China 'huge but possible' for wine importers, conference hears

China 'huge but possible' for wine importers, conference hears News Wine News
  • Friday 25 May 2007

The Chinese could be drinking as many as 50m cases a year by 2017 – and the market is not nearly as daunting as we think.

Speaking at a Decanter seminar entitled ‘How to be successful in China - presenting the facts, exploding the myths, and profiling the new consumer’ at the London International Wine and Spirits Fair yesterday, an expert panel said the current 2.3m-case market is expanding.

There is a possibility the growth could represent a ‘speculative spike’ similar to the bubble of 1997, but there are a number of factors driving the market that make it more solid than 10 years ago.

Seventy per cent of the market is on-trade, of which the vast bulk is four- and five-star restaurants and hotels.
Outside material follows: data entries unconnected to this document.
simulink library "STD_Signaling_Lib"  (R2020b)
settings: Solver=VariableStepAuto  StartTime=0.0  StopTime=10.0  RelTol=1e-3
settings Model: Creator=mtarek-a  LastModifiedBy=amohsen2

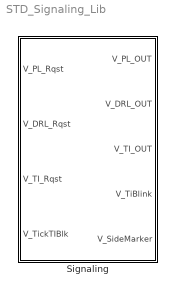
== system STD_Signaling_Lib ==
  Signaling : Subsystem

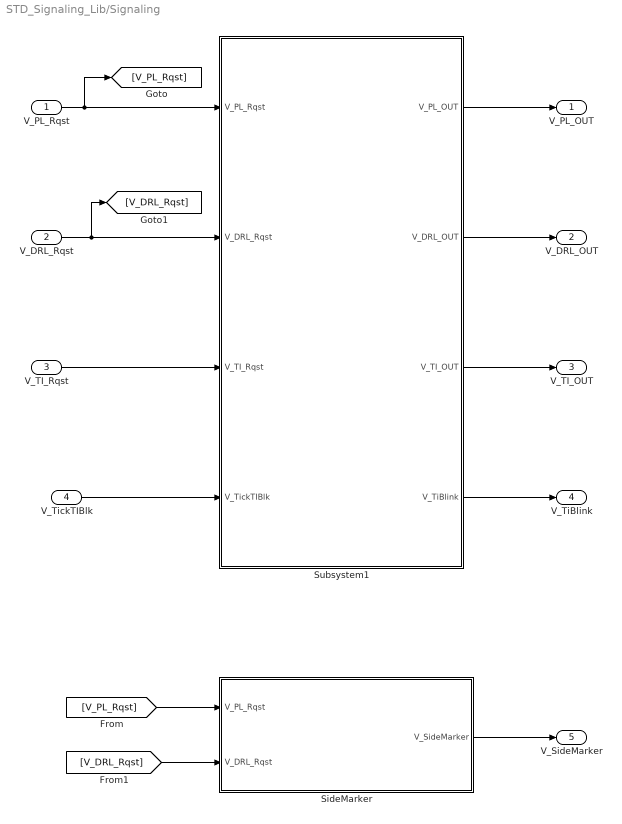
== system STD_Signaling_Lib/Signaling ==
  V_PL_Rqst : Inport
  V_DRL_Rqst : Inport  Port=2
  V_TI_Rqst : Inport  Port=3
  V_TickTIBlk : Inport  Port=4
  SideMarker : Subsystem  Description=|
      | requirement:
      | {S___EF_294 V00, S___EF_321 V00 }
  Subsystem1 : Subsystem
  V_PL_OUT : Outport
  V_DRL_OUT : Outport  Port=2
  V_TI_OUT : Outport  Port=3
  V_TiBlink : Outport  Port=4
  V_SideMarker : Outport  Port=5
  wires:
  V_PL_Rqst/1 -> Subsystem1/1(V_PL_Rqst), [V_PL_Rqst]
  V_DRL_Rqst/1 -> [V_DRL_Rqst], Subsystem1/2(V_DRL_Rqst)
  V_TI_Rqst/1 -> Subsystem1/3(V_TI_Rqst)
  V_TickTIBlk/1 -> Subsystem1/4(V_TickTIBlk)
  Subsystem1/3(V_TI_OUT) -> V_TI_OUT/1
  Subsystem1/4(V_TiBlink) -> V_TiBlink/1
  Subsystem1/1(V_PL_OUT) -> V_PL_OUT/1
  Subsystem1/2(V_DRL_OUT) -> V_DRL_OUT/1
  [V_PL_Rqst] -> SideMarker/1(V_PL_Rqst)
  [V_DRL_Rqst] -> SideMarker/2(V_DRL_Rqst)
  SideMarker/1(V_SideMarker) -> V_SideMarker/1

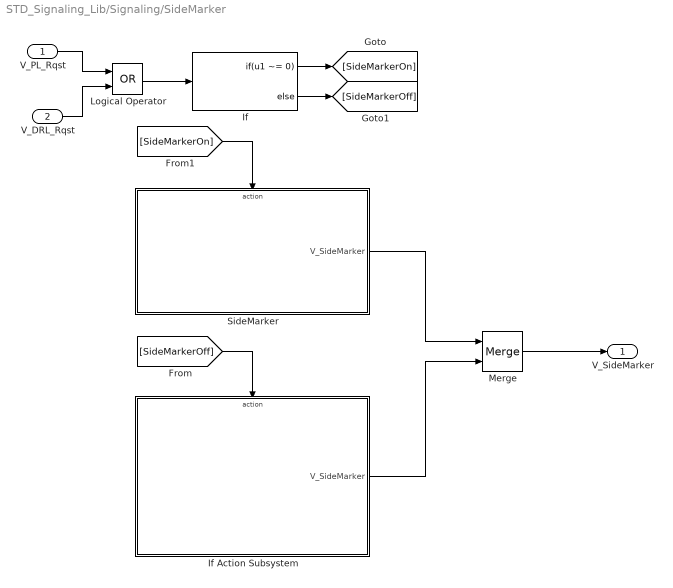
== system STD_Signaling_Lib/Signaling/SideMarker ==
  V_PL_Rqst : Inport
  V_DRL_Rqst : Inport  Port=2
  If : If  IfExpression=u1 ~= 0
  If Action Subsystem : Subsystem  TreatAsAtomicUnit=on
  Logical Operator : Logic  Operator=OR  AllPortsSameDT=off  OutDataTypeStr=boolean
  Merge : Merge
  SideMarker : Subsystem  TreatAsAtomicUnit=on
  V_SideMarker : Outport
  wires:
  Logical Operator/1 -> If/1
  V_PL_Rqst/1 -> Logical Operator/1
  V_DRL_Rqst/1 -> Logical Operator/2
  If/1 -> [SideMarkerOn]
  [SideMarkerOn] -> SideMarker/Action
  If/2 -> [SideMarkerOff]
  [SideMarkerOff] -> If Action Subsystem/Action
  Merge/1 -> V_SideMarker/1
  SideMarker/1(V_SideMarker) -> Merge/1
  If Action Subsystem/1(V_SideMarker) -> Merge/2

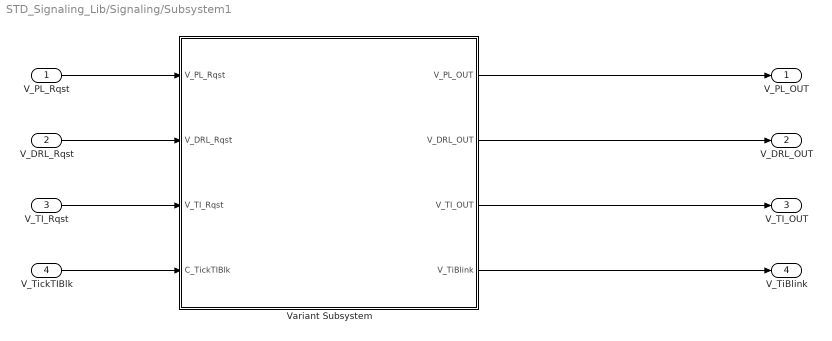
== system STD_Signaling_Lib/Signaling/Subsystem1 ==
  V_PL_Rqst : Inport
  V_DRL_Rqst : Inport  Port=2
  V_TI_Rqst : Inport  Port=3
  V_TickTIBlk : Inport  Port=4
  Variant Subsystem : Subsystem  Description=|  Variant=on  VariantActivationTime=code compile  AllowZeroVariantControls=on
      | requirement:
      | {S___EF_213 V00,S___EF_214 V00, S___EF_215 V00}
  V_PL_OUT : Outport
  V_DRL_OUT : Outport  Port=2
  V_TI_OUT : Outport  Port=3  OutDataTypeStr=boolean
  V_TiBlink : Outport  Port=4
  wires:
  V_TI_Rqst/1 -> Variant Subsystem/3(V_TI_Rqst)
  V_PL_Rqst/1 -> Variant Subsystem/1(V_PL_Rqst)
  V_DRL_Rqst/1 -> Variant Subsystem/2(V_DRL_Rqst)
  Variant Subsystem/2(V_DRL_OUT) -> V_DRL_OUT/1
  V_TickTIBlk/1 -> Variant Subsystem/4(C_TickTIBlk)
  Variant Subsystem/4(V_TiBlink) -> V_TiBlink/1
  Variant Subsystem/3(V_TI_OUT) -> V_TI_OUT/1
  Variant Subsystem/1(V_PL_OUT) -> V_PL_OUT/1

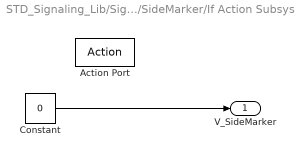
== system STD_Signaling_Lib/Signaling/SideMarker/If Action Subsystem ==
  Action Port : ActionPort  ActionPortLabel=else
  Constant : Constant  Value=0  OutDataTypeStr=Inherit: Inherit via back propagation
  V_SideMarker : Outport
  wires:
  Constant/1 -> V_SideMarker/1

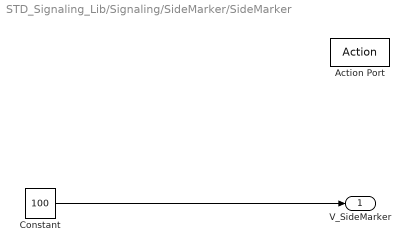
== system STD_Signaling_Lib/Signaling/SideMarker/SideMarker ==
  Action Port : ActionPort  ActionPortLabel=if(u1 ~= 0)
  Constant : Constant  Value=100  OutDataTypeStr=Inherit: Inherit via back propagation
  V_SideMarker : Outport
  wires:
  Constant/1 -> V_SideMarker/1

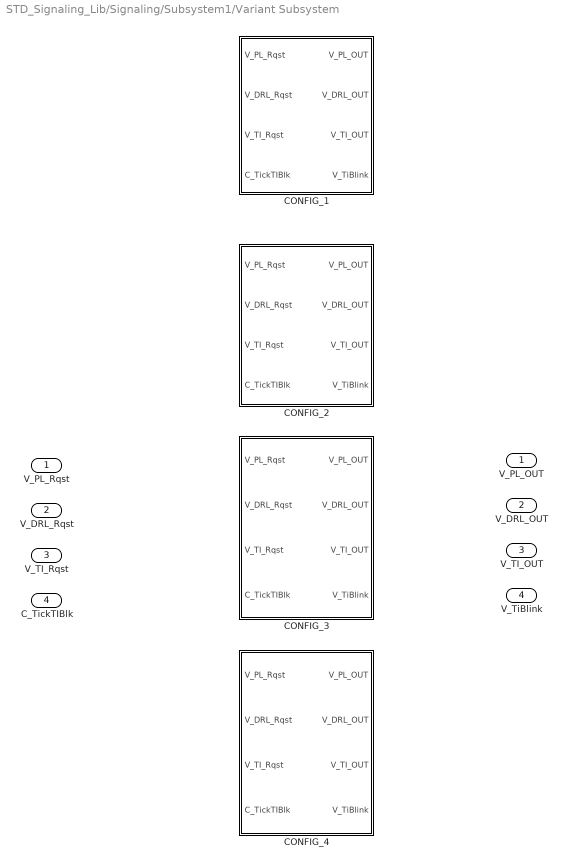
== system STD_Signaling_Lib/Signaling/Subsystem1/Variant Subsystem ==
  V_PL_Rqst : Inport
  V_DRL_Rqst : Inport  Port=2
  V_TI_Rqst : Inport  Port=3
  C_TickTIBlk : Inport  Port=4
  CONFIG_1 : Subsystem  Description=|  VariantControl=CONFIG_1
      | requirement:
      | {S___EF_192 V00,S___EF_219 V00,S___EF_228 V00,S___EF_232 V00,S___EF_233 V00,S___EF_234 V00}
  CONFIG_2 : Subsystem  Description=|  VariantControl=CONFIG_2
      | requirements:
      | {S___EF_216 V00,S___EF_220 V00,S___EF_239 V00,S___EF_240 V00,S___EF_241 V00, S___EF_242 V00 ,S___EF_243 V00,S___EF_244 V00, S___EF_245 V00 }
  CONFIG_3 : Subsystem  Description=|  VariantControl=CONFIG_3
      | requirements:
      | {S___EF_218 V00,S___EF_221 V00, S___EF_251 V00, S___EF_252 V00, S___EF_253 V00, S___EF_254 V00, S___EF_255 V00, S___EF_256 V00 , S___EF_257 V00, S___EF_258 V00}
  CONFIG_4 : Subsystem  Description=|  VariantControl=CONFIG_4
      | requirements:
      | {S___EF_217 V00,S___EF_222 V00, S___EF_264 V00, S___EF_265 V00, S___EF_266 V00, S___EF_268 V00, S___EF_268 V00, S___EF_270 V00, S___EF_269 V00, S___EF_271 V00, S___EF_275 V00 }
  V_PL_OUT : Outport
  V_DRL_OUT : Outport  Port=2
  V_TI_OUT : Outport  Port=3  OutDataTypeStr=boolean
  V_TiBlink : Outport  Port=4

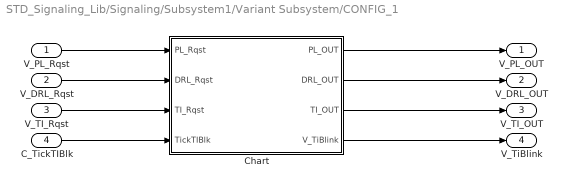
== system STD_Signaling_Lib/Signaling/Subsystem1/Variant Subsystem/CONFIG_1 ==
  V_PL_Rqst : Inport
  V_DRL_Rqst : Inport  Port=2
  V_TI_Rqst : Inport  Port=3
  C_TickTIBlk : Inport  Port=4
  Chart : Stateflow chart  TreatAsAtomicUnit=on
  V_PL_OUT : Outport
  V_DRL_OUT : Outport  Port=2
  V_TI_OUT : Outport  Port=3  OutDataTypeStr=boolean
  V_TiBlink : Outport  Port=4
  wires:
  V_TI_Rqst/1 -> Chart/3(TI_Rqst)
  C_TickTIBlk/1 -> Chart/4(TickTIBlk)
  Chart/1(PL_OUT) -> V_PL_OUT/1
  V_DRL_Rqst/1 -> Chart/2(DRL_Rqst)
  Chart/3(TI_OUT) -> V_TI_OUT/1
  Chart/4(V_TiBlink) -> V_TiBlink/1
  Chart/2(DRL_OUT) -> V_DRL_OUT/1
  V_PL_Rqst/1 -> Chart/1(PL_Rqst)

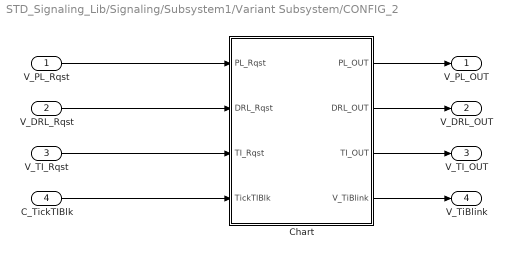
== system STD_Signaling_Lib/Signaling/Subsystem1/Variant Subsystem/CONFIG_2 ==
  V_PL_Rqst : Inport
  V_DRL_Rqst : Inport  Port=2
  V_TI_Rqst : Inport  Port=3
  C_TickTIBlk : Inport  Port=4
  Chart : Stateflow chart  TreatAsAtomicUnit=on
  V_PL_OUT : Outport
  V_DRL_OUT : Outport  Port=2
  V_TI_OUT : Outport  Port=3  OutDataTypeStr=boolean
  V_TiBlink : Outport  Port=4
  wires:
  V_PL_Rqst/1 -> Chart/1(PL_Rqst)
  Chart/2(DRL_OUT) -> V_DRL_OUT/1
  Chart/1(PL_OUT) -> V_PL_OUT/1
  Chart/4(V_TiBlink) -> V_TiBlink/1
  C_TickTIBlk/1 -> Chart/4(TickTIBlk)
  Chart/3(TI_OUT) -> V_TI_OUT/1
  V_TI_Rqst/1 -> Chart/3(TI_Rqst)
  V_DRL_Rqst/1 -> Chart/2(DRL_Rqst)

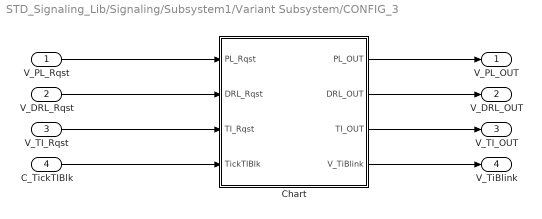
== system STD_Signaling_Lib/Signaling/Subsystem1/Variant Subsystem/CONFIG_3 ==
  V_PL_Rqst : Inport
  V_DRL_Rqst : Inport  Port=2
  V_TI_Rqst : Inport  Port=3
  C_TickTIBlk : Inport  Port=4
  Chart : Stateflow chart  TreatAsAtomicUnit=on
  V_PL_OUT : Outport
  V_DRL_OUT : Outport  Port=2
  V_TI_OUT : Outport  Port=3  OutDataTypeStr=boolean
  V_TiBlink : Outport  Port=4
  wires:
  Chart/3(TI_OUT) -> V_TI_OUT/1
  Chart/1(PL_OUT) -> V_PL_OUT/1
  C_TickTIBlk/1 -> Chart/4(TickTIBlk)
  V_PL_Rqst/1 -> Chart/1(PL_Rqst)
  V_DRL_Rqst/1 -> Chart/2(DRL_Rqst)
  V_TI_Rqst/1 -> Chart/3(TI_Rqst)
  Chart/2(DRL_OUT) -> V_DRL_OUT/1
  Chart/4(V_TiBlink) -> V_TiBlink/1

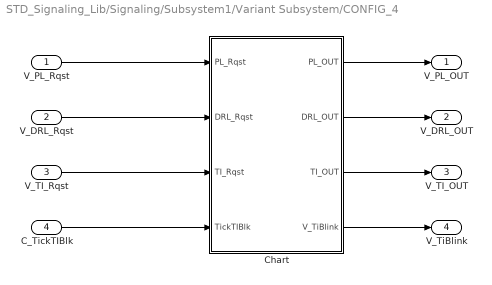
== system STD_Signaling_Lib/Signaling/Subsystem1/Variant Subsystem/CONFIG_4 ==
  V_PL_Rqst : Inport
  V_DRL_Rqst : Inport  Port=2
  V_TI_Rqst : Inport  Port=3
  C_TickTIBlk : Inport  Port=4
  Chart : Stateflow chart  TreatAsAtomicUnit=on
  V_PL_OUT : Outport
  V_DRL_OUT : Outport  Port=2
  V_TI_OUT : Outport  Port=3  OutDataTypeStr=boolean
  V_TiBlink : Outport  Port=4
  wires:
  V_DRL_Rqst/1 -> Chart/2(DRL_Rqst)
  C_TickTIBlk/1 -> Chart/4(TickTIBlk)
  Chart/1(PL_OUT) -> V_PL_OUT/1
  V_TI_Rqst/1 -> Chart/3(TI_Rqst)
  Chart/3(TI_OUT) -> V_TI_OUT/1
  V_PL_Rqst/1 -> Chart/1(PL_Rqst)
  Chart/2(DRL_OUT) -> V_DRL_OUT/1
  Chart/4(V_TiBlink) -> V_TiBlink/1

== stateflow chart STD_Signaling_Lib/Signaling/Subsystem1/Variant Subsystem/CONFIG_1/Chart ==
  state CONF1
    state TI [parallel]
      settings: executionOrder=1
      state OFF
        entry:
        TI_OUT=false;
        V_TiBlink=false;
      state ON
        entry:
        TI_OUT=true;
        V_TiBlink=true;
      state Blink
        entry:
        TI_OUT=false;
        V_TiBlink=true;
      (default) -> CONF1.TI.OFF
      Blink -> CONF1.TI.OFF [order 2] : [after(TickTIBlk,tick)]
      CONF1.TI.OFF -> ON : [TI_Rqst]
      Blink -> ON [order 1] : [TI_Rqst]
      ON -> Blink : [!TI_Rqst ]
    state DRL_PL [parallel]
      settings: executionOrder=2
      state OFF
        entry:
        PL_OUT=false;
        DRL_OUT=false;
      state PL
        entry:
        PL_OUT=true;
        DRL_OUT=false;
      state DRL
        entry:
        DRL_OUT=true;
        PL_OUT=false;
      (default) -> CONF1.DRL_PL.OFF
      CONF1.DRL_PL.OFF -> DRL [order 1] : [DRL_Rqst]
      (junction 31) -> CONF1.DRL_PL.OFF [order 2]
      PL -> CONF1.DRL_PL.OFF [order 2] : [ !PL_Rqst]
      CONF1.DRL_PL.OFF -> PL [order 2] : [PL_Rqst]
      (junction 31) -> PL [order 1] : [PL_Rqst]
      DRL -> (junction 31) : [!DRL_Rqst]
      PL -> DRL [order 1] : [DRL_Rqst]
  (default) -> CONF1
  data: PL_OUT output; DRL_OUT output; TI_OUT output; PL_Rqst input; DRL_Rqst input; TI_Rqst input; V_TiBlink output; TickTIBlk input

== stateflow chart STD_Signaling_Lib/Signaling/Subsystem1/Variant Subsystem/CONFIG_2/Chart ==
  state CONF2
    state OFF
      entry:
      TI_OUT=false;
      PL_OUT=false;
      DRL_OUT=false;
      V_TiBlink=false;
    state DRL
      entry:
      DRL_OUT=true;
      TI_OUT=false;
      PL_OUT=false;
      V_TiBlink=false;
    state TI
      state TI_S
        entry:
        TI_OUT=true;
        PL_OUT=false;
        DRL_OUT=false;
        V_TiBlink=true;
      state TI_S1
        entry:
        TI_OUT=false;
        PL_OUT=false;
        DRL_OUT=false;
        V_TiBlink=true;
      (default) -> TI_S
      TI_S1 -> TI_S [order 2] : [TI_Rqst]
      TI_S -> TI_S1 : [~TI_Rqst]
    state PL
      entry:
      PL_OUT=true;
      TI_OUT=false;
      DRL_OUT=false;
      V_TiBlink=false;
    (default) -> OFF
    OFF -> TI [order 1] : [TI_Rqst]
    (junction 60) -> OFF [order 3]
    OFF -> DRL [order 3] : [DRL_Rqst]
    DRL -> OFF [order 3] : [~DRL_Rqst]
    OFF -> PL [order 2] : [PL_Rqst]
    PL -> OFF [order 3] : [~PL_Rqst]
    (junction 60) -> DRL [order 2] : [DRL_Rqst]
    (junction 60) -> PL [order 1] : [PL_Rqst]
    TI_S1 -> (junction 60) [order 1] : [(~TI_Rqst &&(after(TickTIBlk,tick) )) ]
    PL -> DRL [order 2] : [DRL_Rqst]
    DRL -> TI [order 1] : [TI_Rqst]
    DRL -> PL [order 2] : [PL_Rqst]
    PL -> TI [order 1] : [TI_Rqst]
  (default) -> CONF2
  data: PL_Rqst input; DRL_Rqst input; TI_Rqst input; TickTIBlk input; PL_OUT output; DRL_OUT output; TI_OUT output; V_TiBlink output

== stateflow chart STD_Signaling_Lib/Signaling/Subsystem1/Variant Subsystem/CONFIG_3/Chart ==
  state CONF3
    state OFF
      entry:
      TI_OUT=false;
      PL_OUT=false;
      DRL_OUT=false;
      V_TiBlink=false;
    state DRL
      entry:
      DRL_OUT=true;
      TI_OUT=false;
      PL_OUT=false;
      V_TiBlink=false;
    state TI
      state TI_S
        entry:
        TI_OUT=true;
        PL_OUT=false;
        DRL_OUT=false;
        V_TiBlink=true;
      state PL_S
        state PL_off
          entry:
          PL_OUT=false;
          TI_OUT=false;
          DRL_OUT=false;
          V_TiBlink=true;
        state PL_on
          entry:
          TI_OUT=false;
          PL_OUT=true;
          DRL_OUT=false;
          V_TiBlink=true;
        (junction 87) -> PL_off [order 2]
        (junction 87) -> PL_on [order 1] : [(PL_Rqst) || (DRL_Rqst) ]
        PL_off -> PL_on : [(PL_Rqst) || (DRL_Rqst)]
        PL_on -> PL_off : [(~PL_Rqst) && (~DRL_Rqst) ]
      PL_S -> TI_S [order 2] : [TI_Rqst]
      TI_S -> (junction 87) : [~TI_Rqst]
    state PL
      entry:
      PL_OUT=true;
      TI_OUT=false;
      DRL_OUT=false;
      V_TiBlink=false;
    (default) -> OFF
    OFF -> TI_S [order 1] : [TI_Rqst]
    (junction 104) -> OFF [order 3]
    OFF -> DRL [order 2] : [DRL_Rqst]
    (junction 100) -> OFF [order 2]
    OFF -> PL [order 3] : [PL_Rqst]
    PL -> OFF [order 3] : [~PL_Rqst]
    DRL -> (junction 100) [order 2] : [~DRL_Rqst ]
    DRL -> TI_S [order 1] : [TI_Rqst]
    (junction 100) -> PL [order 1] : [PL_Rqst]
    (junction 104) -> DRL [order 1] : [DRL_Rqst]
    PL -> DRL [order 2] : [DRL_Rqst ]
    PL -> TI_S [order 1] : [TI_Rqst]
    PL_S -> (junction 104) [order 1] : [(~TI_Rqst && after(TickTIBlk,tick))]
    (junction 104) -> PL [order 2] : [PL_Rqst]
  (default) -> CONF3
  data: PL_Rqst input; DRL_Rqst input; TI_Rqst input; TickTIBlk input; PL_OUT output; DRL_OUT output; TI_OUT output; V_TiBlink output

== stateflow chart STD_Signaling_Lib/Signaling/Subsystem1/Variant Subsystem/CONFIG_4/Chart ==
  state CONF4
    state OFF
      entry:
      TI_OUT=false;
      PL_OUT=false;
      DRL_OUT=false;
      V_TiBlink=false;
    state DRL
      entry:
      DRL_OUT=true;
      TI_OUT=false;
      PL_OUT=false;
      V_TiBlink=false;
    state TI
      state TI_No_PL
        state TI_S
          entry:
          TI_OUT=true;
          PL_OUT=false;
          DRL_OUT=false;
          V_TiBlink=true;
        state TI_S1
          entry:
          TI_OUT=false;
          PL_OUT=false;
          DRL_OUT=false;
          V_TiBlink=true;
        TI_S1 -> TI_S [order 2] : [TI_Rqst]
        TI_S -> TI_S1 : [~TI_Rqst]
      state TI_And_PL
        state TIPL_S
          entry:
          TI_OUT=true;
          PL_OUT=true;
          DRL_OUT=false;
          V_TiBlink=true;
        state TIPL_S1
          entry:
          TI_OUT=false;
          PL_OUT=true;
          DRL_OUT=false;
          V_TiBlink=true;
        TIPL_S1 -> TIPL_S [order 1] : [TI_Rqst]
        TIPL_S -> TIPL_S1 : [~TI_Rqst]
      TI_And_PL -> (junction 73) : [(~PL_Rqst) && (~DRL_Rqst)]
      (junction 73) -> TI_S [order 1] : [TI_Rqst]
      (junction 73) -> TI_S1 [order 2]
      (junction 78) -> TIPL_S [order 1] : [TI_Rqst ]
      (junction 78) -> TIPL_S1 [order 2]
      TI_No_PL -> (junction 78) : [(PL_Rqst) || (DRL_Rqst)]
    state PL
      entry:
      PL_OUT=true;
      TI_OUT=false;
      DRL_OUT=false;
      V_TiBlink=false;
    (default) -> OFF
    OFF -> (junction 66) [order 1] : [TI_Rqst]
    (junction 15) -> OFF [order 3]
    OFF -> DRL [order 2] : [DRL_Rqst]
    (junction 34) -> OFF [order 2]
    OFF -> PL [order 3] : [PL_Rqst]
    PL -> OFF [order 3] : [~PL_Rqst]
    DRL -> (junction 66) [order 2] : [TI_Rqst]
    PL -> (junction 66) [order 1] : [TI_Rqst]
    (junction 66) -> TI_S [order 2]
    (junction 66) -> TIPL_S [order 1] : [(PL_Rqst) || (DRL_Rqst)]
    DRL -> (junction 34) [order 1] : [~DRL_Rqst]
    (junction 34) -> PL [order 1] : [PL_Rqst]
    (junction 15) -> DRL [order 1] : [DRL_Rqst]
    PL -> DRL [order 2] : [DRL_Rqst]
    TI_S1 -> (junction 15) [order 1] : [(~TI_Rqst && after(TickTIBlk,tick))]
    (junction 15) -> PL [order 2] : [PL_Rqst]
    TIPL_S1 -> (junction 15) [order 2] : [(~TI_Rqst && after(TickTIBlk,tick))]
  (default) -> CONF4
  data: PL_Rqst input; DRL_Rqst input; TI_Rqst input; TickTIBlk input; PL_OUT output; DRL_OUT output; TI_OUT output; V_TiBlink output

France is by far the leading exporter, with 750,000 cases. Australia sells 200,000, followed by Italy, Spain, the USA and Chile. Of those, only Spain, Chile and Australia are increasing their market share. The rest are either flat, or losing share.

The panel - Ian Ford and Brendan O’Toole of China's leading importers Summergate Fine Wines, and Simon Tam of the International Wine Centre in Shanghai - outlined the main drivers of the Chinese boom.

These include an emerging middle class, an ‘explosion’ in the number of fine dining restaurants in the main centres of Beijing, Shanghai, Guangzhou, Macau and Shenzhen, the influence of domestically-produced wines, and the increasing availability of imported brands.

At the same time, Ford said, it’s essential not to be seduced by the size of the population. ‘Importers think, “There are 1.3bn people – it’s a big market!”. But in reality 2.3m cases is a small market.’

Importers must ‘build slowly and persevere.’ Ford cited an importer which started with a target of 200,000 cases and now is stuck at 8,000. ‘Expansion ahead of the brand possibility can do irreperable damage to your brand,’ he said.

But the main message of the seminar was, cracking the Chinese market is not as difficult as popularly imagined. ‘It is a huge country, but possible,’ O’Toole said.

Various myths were exploded, including the age-old belief that the Chinese like to dilute first growth Bordeaux with 7-Up.

‘It has happened,’ Tam said. But, he added, that was in the early 1990s when the quality of imported bulk wines was so poor that ‘they had no choice but to mix them.’

The current market, Tam said, is 80% red wine and 20% white, rose and sparkling. It is seasonal, with reds more popular in winter and whites in summer.

Decanter’s publishing director Sarah Kemp, who introduced the seminar, said, ‘We are very excited about the imminent launch of Decanter into mainland China, and are looking forward to the challenges of publishing in such a new and dynamic environment.’

Decanter is already published in Hong Kong and Taiwan but will be launched in mainland in a new, simple text version, later this year.